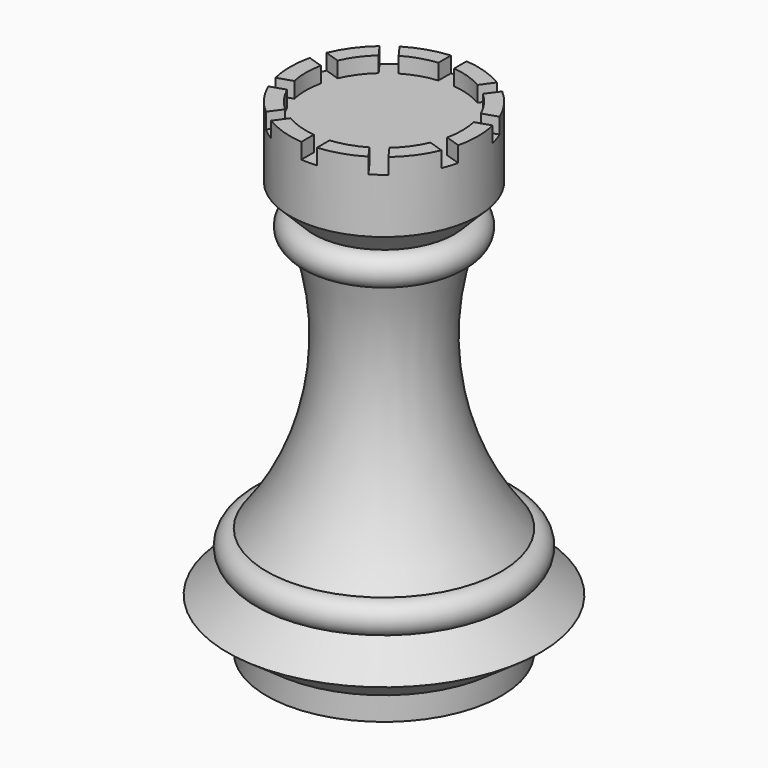
from build123d import *

# Parameters (mm, degrees)
F2_W            = 2.54
F2_H            = 2.54
F3_DEPTH        = 25.401
F3_DEPTH_BACK   = 25.401
F3_COPIES_COUNT = 5
F3_COPIES_ANGLE = 144


# Not quite as in the source:
# - a pattern or mirror of a feature is missing from the dataset's text; its kind, count and spacing are read off the source's solid


with BuildPart() as f1:
    # F0 (on Front) → F1 (revolve)
    with BuildSketch(Plane.XZ):
        with BuildLine():
            Line((0, 76.2), (0, 0))
            Line((0, 0), (19.05, 0))
            Line((19.05, 0), (19.05, 3.81))
            Line((19.05, 3.81), (25.4, 8.255))
            Line((25.4, 8.255), (19.05, 12.7))
            ThreePointArc((19.05, 12.7), (21.59, 15.24), (19.05, 17.78))
            ThreePointArc((19.05, 17.78), (10.2268710231, 37.1600383168), (11.43, 58.42))
            ThreePointArc((11.43, 58.42), (13.97, 60.96), (11.43, 63.5))
            Line((11.43, 63.5), (15.24, 67.31))
            Line((15.24, 67.31), (15.24, 78.74))
            Line((15.24, 78.74), (12.7, 78.74))
            Line((12.7, 78.74), (12.7, 76.2))
            Line((12.7, 76.2), (0, 76.2))
        make_face()
    revolve(axis=Axis((0, 0, 38.1), (0, 0, 1)))

    # F2 (on Front) → F3 (cut, two sides)
    with BuildSketch(Plane.XZ) as f3_sk:
        with Locations((0, 77.47)):
            Rectangle(F2_W, F2_H)
    f3 = extrude(amount=F3_DEPTH, mode=Mode.SUBTRACT) + extrude(f3_sk.sketch, amount=-F3_DEPTH_BACK, mode=Mode.SUBTRACT)

    # F3_copies: F3 ×5 about axis
    f3_copies_axis = Axis((0, 0, 0), (0, 0, 1))
    for i in range(1, F3_COPIES_COUNT):
        add(f3.rotate(f3_copies_axis, i * F3_COPIES_ANGLE / (F3_COPIES_COUNT - 1)), mode=Mode.SUBTRACT)


solid = f1.part
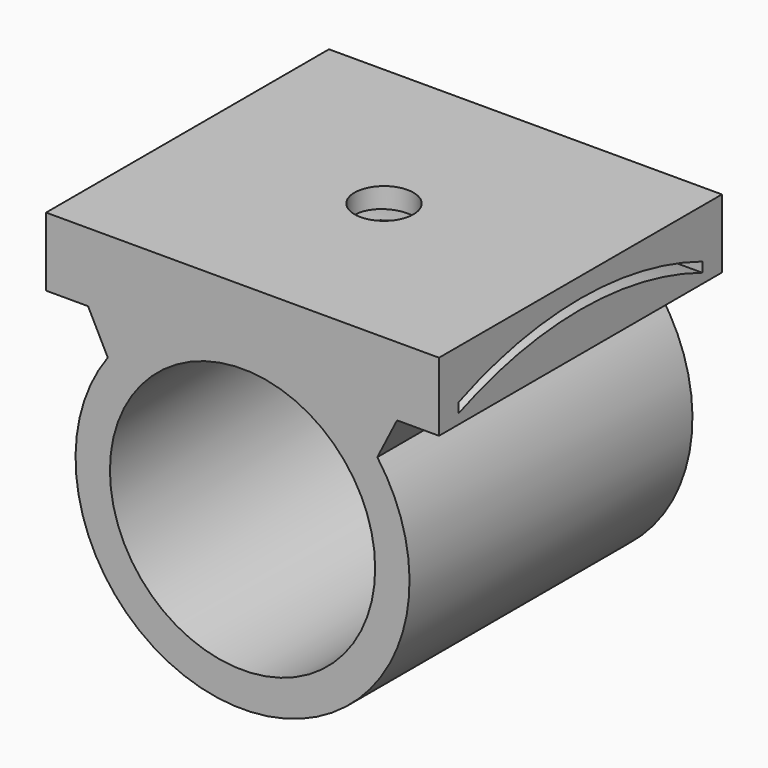
from build123d import *

# Parameters (mm, degrees)
F0_R         = 8.5
F1_DEPTH     = 18
F2_R         = 6.75
F3_DEPTH     = 18
F4_W         = 18
F4_H         = 3.5
F5_DEPTH     = 10
F7_DEPTH     = 20
F8_R         = 1.5
F9_DEPTH     = 5
F10_T1_DEPTH = 18


# Not quite as in the source:
# - a fillet or chamfer that OpenCascade refuses, or shapes differently, is made with other operations: its cross-section is extruded or revolved along the edge and cut away or added


with BuildPart() as f1:
    # F0 (on Front) → F1 (new body)
    with BuildSketch(Plane.XZ):
        Circle(F0_R)
    extrude(amount=F1_DEPTH)

    # F2 (on face) → F3 (cut, through all)
    with BuildSketch(Plane.XZ.offset(18)):
        Circle(F2_R)
    extrude(amount=-F3_DEPTH, mode=Mode.SUBTRACT)

    # F4 (on Right) → F5 (join, symmetric)
    with BuildSketch(Plane.YZ):
        with Locations((-9, 8.75)):
            Rectangle(F4_W, F4_H)
    extrude(amount=F5_DEPTH, both=True)

    # F6 (on face) → F7 (cut, through all)
    with BuildSketch(Plane.YZ.offset(10)):
        with BuildLine():
            Line((-16.75, 8), (-16.75, 7.5))
            ThreePointArc((-16.75, 7.5), (-9, 9), (-1.25, 7.5))
            Line((-1.25, 7.5), (-1.25, 8))
            ThreePointArc((-1.25, 8), (-9, 9.5), (-16.75, 8))
        make_face()
    extrude(amount=-F7_DEPTH, mode=Mode.SUBTRACT)

    # F8 (on face) → F9 (cut)
    with BuildSketch(Plane.XY.offset(10.5)):
        with Locations((0, -9)):
            Circle(F8_R)
    extrude(amount=-F9_DEPTH, mode=Mode.SUBTRACT)

    # F10: chamfer of 4 on 2 edges, made by hand

    # F10_s2 → F10_t1 (join)
    with BuildSketch(Plane.XZ):
        with BuildLine():
            Line((-6.7863990228, 4.8779762725), (-7.9352464288, 7.1426903404))
            Line((-7.9352464288, 7.1426903404), (-7.9352464288, 7.2226903404))
            ThreePointArc((-7.9352464288, 7.2226903404), (-6.3785359046, 7.08), (-4.8218253805, 7.08))
            Line((-4.8218253805, 7.08), (-4.7764434946, 6.9341176471))
            ThreePointArc((-4.7764434946, 6.9341176471), (-5.8850678371, 6.0218250184), (-6.7218457694, 4.8307229397))
            Line((-6.7218457694, 4.8307229397), (-6.7863990228, 4.8779762725))
        make_face()
        with BuildLine():
            Line((6.7863990228, 4.8779762725), (7.9352464288, 7.1426903404))
            Line((7.9352464288, 7.1426903404), (7.9352464288, 7.2226903404))
            ThreePointArc((7.9352464288, 7.2226903404), (6.3785359046, 7.08), (4.8218253805, 7.08))
            Line((4.8218253805, 7.08), (4.7764434946, 6.9341176471))
            ThreePointArc((4.7764434946, 6.9341176471), (5.8850678371, 6.0218250184), (6.7218457694, 4.8307229397))
            Line((6.7218457694, 4.8307229397), (6.7863990228, 4.8779762725))
        make_face()
    extrude(amount=F10_T1_DEPTH)


solid = f1.part
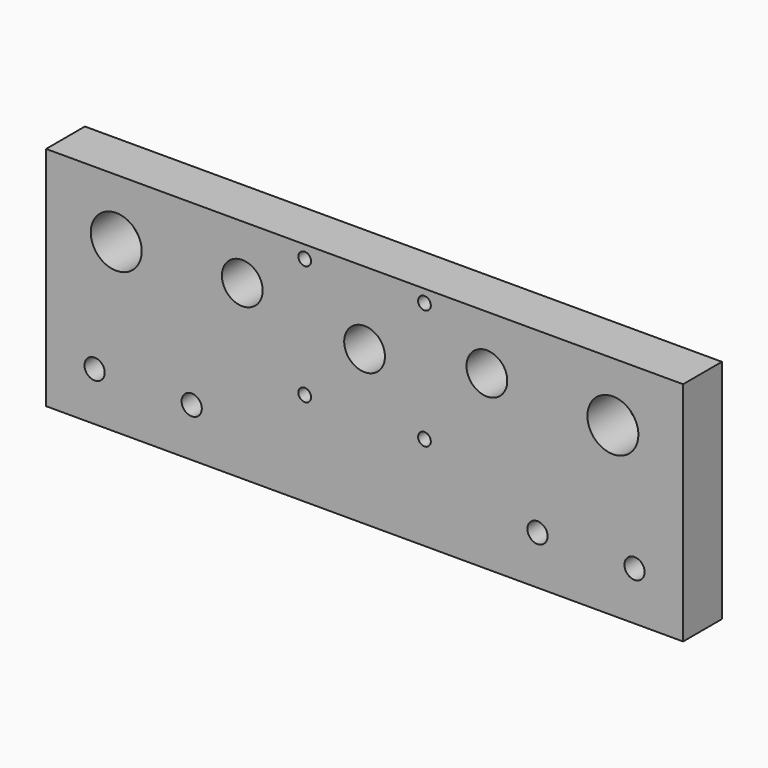
from build123d import *

# Parameters (mm, degrees)
F0_W     = 250
F0_H     = 88.9
F1_DEPTH = 9.525
F2_R     = 8
F2_R_2   = 2.5
F2_R_3   = 10
F2_R_4   = 3.96875
F3_DEPTH = 25.4


# Not quite as in the source:
# - a pattern or mirror of a feature is missing from the dataset's text; its kind, count and spacing are read off the source's solid


with BuildPart() as f1:
    # F0 (on Front) → F1 (new body, symmetric)
    with BuildSketch(Plane.XZ):
        Rectangle(F0_W, F0_H)
    extrude(amount=F1_DEPTH, both=True)

    # F2 (on face) → F3 (cut)
    with BuildSketch(Plane.XZ.offset(9.525)):
        with Locations((-48, 23.14)):
            Circle(F2_R)
        with Locations((0, 15.95)):
            Circle(F2_R)
        with Locations((-23.5, -7.55)):
            Circle(F2_R_2)
        with Locations((-23.5, 39.45)):
            Circle(F2_R_2)
        with Locations((-97.455, 21.3)):
            Circle(F2_R_3)
        with Locations((-67.85, -25.4)):
            Circle(F2_R_4)
        with Locations((-105.95, -25.4)):
            Circle(F2_R_4)
    f3 = extrude(amount=-F3_DEPTH, mode=Mode.SUBTRACT)

    # F3_copies: F3 across plane
    add(f3.mirror(Plane(origin=(0, 0, 0), x_dir=(0, 0, 1), z_dir=(1, 0, 0))), mode=Mode.SUBTRACT)


solid = f1.part
__________
▸ ABOUT THIS EXERCISE
Please set down every record above exactly as it appears, leaving out the pictures.

▸ OUTPUT
from build123d import *

# Parameters (mm, degrees)
F2_W            = 2.54
F2_H            = 2.54
F3_DEPTH        = 25.401
F3_DEPTH_BACK   = 25.401
F3_COPIES_COUNT = 5
F3_COPIES_ANGLE = 144


# Not quite as in the source:
# - a pattern or mirror of a feature is missing from the dataset's text; its kind, count and spacing are read off the source's solid


with BuildPart() as f1:
    # F0 (on Front) → F1 (revolve)
    with BuildSketch(Plane.XZ):
        with BuildLine():
            Line((0, 76.2), (0, 0))
            Line((0, 0), (19.05, 0))
            Line((19.05, 0), (19.05, 3.81))
            Line((19.05, 3.81), (25.4, 8.255))
            Line((25.4, 8.255), (19.05, 12.7))
            ThreePointArc((19.05, 12.7), (21.59, 15.24), (19.05, 17.78))
            ThreePointArc((19.05, 17.78), (10.2268710231, 37.1600383168), (11.43, 58.42))
            ThreePointArc((11.43, 58.42), (13.97, 60.96), (11.43, 63.5))
            Line((11.43, 63.5), (15.24, 67.31))
            Line((15.24, 67.31), (15.24, 78.74))
            Line((15.24, 78.74), (12.7, 78.74))
            Line((12.7, 78.74), (12.7, 76.2))
            Line((12.7, 76.2), (0, 76.2))
        make_face()
    revolve(axis=Axis((0, 0, 38.1), (0, 0, 1)))

    # F2 (on Front) → F3 (cut, two sides)
    with BuildSketch(Plane.XZ) as f3_sk:
        with Locations((0, 77.47)):
            Rectangle(F2_W, F2_H)
    f3 = extrude(amount=F3_DEPTH, mode=Mode.SUBTRACT) + extrude(f3_sk.sketch, amount=-F3_DEPTH_BACK, mode=Mode.SUBTRACT)

    # F3_copies: F3 ×5 about axis
    f3_copies_axis = Axis((0, 0, 0), (0, 0, 1))
    for i in range(1, F3_COPIES_COUNT):
        add(f3.rotate(f3_copies_axis, i * F3_COPIES_ANGLE / (F3_COPIES_COUNT - 1)), mode=Mode.SUBTRACT)


solid = f1.part
from build123d import *

# Parameters (mm, degrees)
F0_R         = 8.5
F1_DEPTH     = 18
F2_R         = 6.75
F3_DEPTH     = 18
F4_W         = 18
F4_H         = 3.5
F5_DEPTH     = 10
F7_DEPTH     = 20
F8_R         = 1.5
F9_DEPTH     = 5
F10_T1_DEPTH = 18


# Not quite as in the source:
# - a fillet or chamfer that OpenCascade refuses, or shapes differently, is made with other operations: its cross-section is extruded or revolved along the edge and cut away or added


with BuildPart() as f1:
    # F0 (on Front) → F1 (new body)
    with BuildSketch(Plane.XZ):
        Circle(F0_R)
    extrude(amount=F1_DEPTH)

    # F2 (on face) → F3 (cut, through all)
    with BuildSketch(Plane.XZ.offset(18)):
        Circle(F2_R)
    extrude(amount=-F3_DEPTH, mode=Mode.SUBTRACT)

    # F4 (on Right) → F5 (join, symmetric)
    with BuildSketch(Plane.YZ):
        with Locations((-9, 8.75)):
            Rectangle(F4_W, F4_H)
    extrude(amount=F5_DEPTH, both=True)

    # F6 (on face) → F7 (cut, through all)
    with BuildSketch(Plane.YZ.offset(10)):
        with BuildLine():
            Line((-16.75, 8), (-16.75, 7.5))
            ThreePointArc((-16.75, 7.5), (-9, 9), (-1.25, 7.5))
            Line((-1.25, 7.5), (-1.25, 8))
            ThreePointArc((-1.25, 8), (-9, 9.5), (-16.75, 8))
        make_face()
    extrude(amount=-F7_DEPTH, mode=Mode.SUBTRACT)

    # F8 (on face) → F9 (cut)
    with BuildSketch(Plane.XY.offset(10.5)):
        with Locations((0, -9)):
            Circle(F8_R)
    extrude(amount=-F9_DEPTH, mode=Mode.SUBTRACT)

    # F10: chamfer of 4 on 2 edges, made by hand

    # F10_s2 → F10_t1 (join)
    with BuildSketch(Plane.XZ):
        with BuildLine():
            Line((-6.7863990228, 4.8779762725), (-7.9352464288, 7.1426903404))
            Line((-7.9352464288, 7.1426903404), (-7.9352464288, 7.2226903404))
            ThreePointArc((-7.9352464288, 7.2226903404), (-6.3785359046, 7.08), (-4.8218253805, 7.08))
            Line((-4.8218253805, 7.08), (-4.7764434946, 6.9341176471))
            ThreePointArc((-4.7764434946, 6.9341176471), (-5.8850678371, 6.0218250184), (-6.7218457694, 4.8307229397))
            Line((-6.7218457694, 4.8307229397), (-6.7863990228, 4.8779762725))
        make_face()
        with BuildLine():
            Line((6.7863990228, 4.8779762725), (7.9352464288, 7.1426903404))
            Line((7.9352464288, 7.1426903404), (7.9352464288, 7.2226903404))
            ThreePointArc((7.9352464288, 7.2226903404), (6.3785359046, 7.08), (4.8218253805, 7.08))
            Line((4.8218253805, 7.08), (4.7764434946, 6.9341176471))
            ThreePointArc((4.7764434946, 6.9341176471), (5.8850678371, 6.0218250184), (6.7218457694, 4.8307229397))
            Line((6.7218457694, 4.8307229397), (6.7863990228, 4.8779762725))
        make_face()
    extrude(amount=F10_T1_DEPTH)


solid = f1.part
from build123d import *

# Parameters (mm, degrees)
F0_W     = 250
F0_H     = 88.9
F1_DEPTH = 9.525
F2_R     = 8
F2_R_2   = 2.5
F2_R_3   = 10
F2_R_4   = 3.96875
F3_DEPTH = 25.4


# Not quite as in the source:
# - a pattern or mirror of a feature is missing from the dataset's text; its kind, count and spacing are read off the source's solid


with BuildPart() as f1:
    # F0 (on Front) → F1 (new body, symmetric)
    with BuildSketch(Plane.XZ):
        Rectangle(F0_W, F0_H)
    extrude(amount=F1_DEPTH, both=True)

    # F2 (on face) → F3 (cut)
    with BuildSketch(Plane.XZ.offset(9.525)):
        with Locations((-48, 23.14)):
            Circle(F2_R)
        with Locations((0, 15.95)):
            Circle(F2_R)
        with Locations((-23.5, -7.55)):
            Circle(F2_R_2)
        with Locations((-23.5, 39.45)):
            Circle(F2_R_2)
        with Locations((-97.455, 21.3)):
            Circle(F2_R_3)
        with Locations((-67.85, -25.4)):
            Circle(F2_R_4)
        with Locations((-105.95, -25.4)):
            Circle(F2_R_4)
    f3 = extrude(amount=-F3_DEPTH, mode=Mode.SUBTRACT)

    # F3_copies: F3 across plane
    add(f3.mirror(Plane(origin=(0, 0, 0), x_dir=(0, 0, 1), z_dir=(1, 0, 0))), mode=Mode.SUBTRACT)


solid = f1.part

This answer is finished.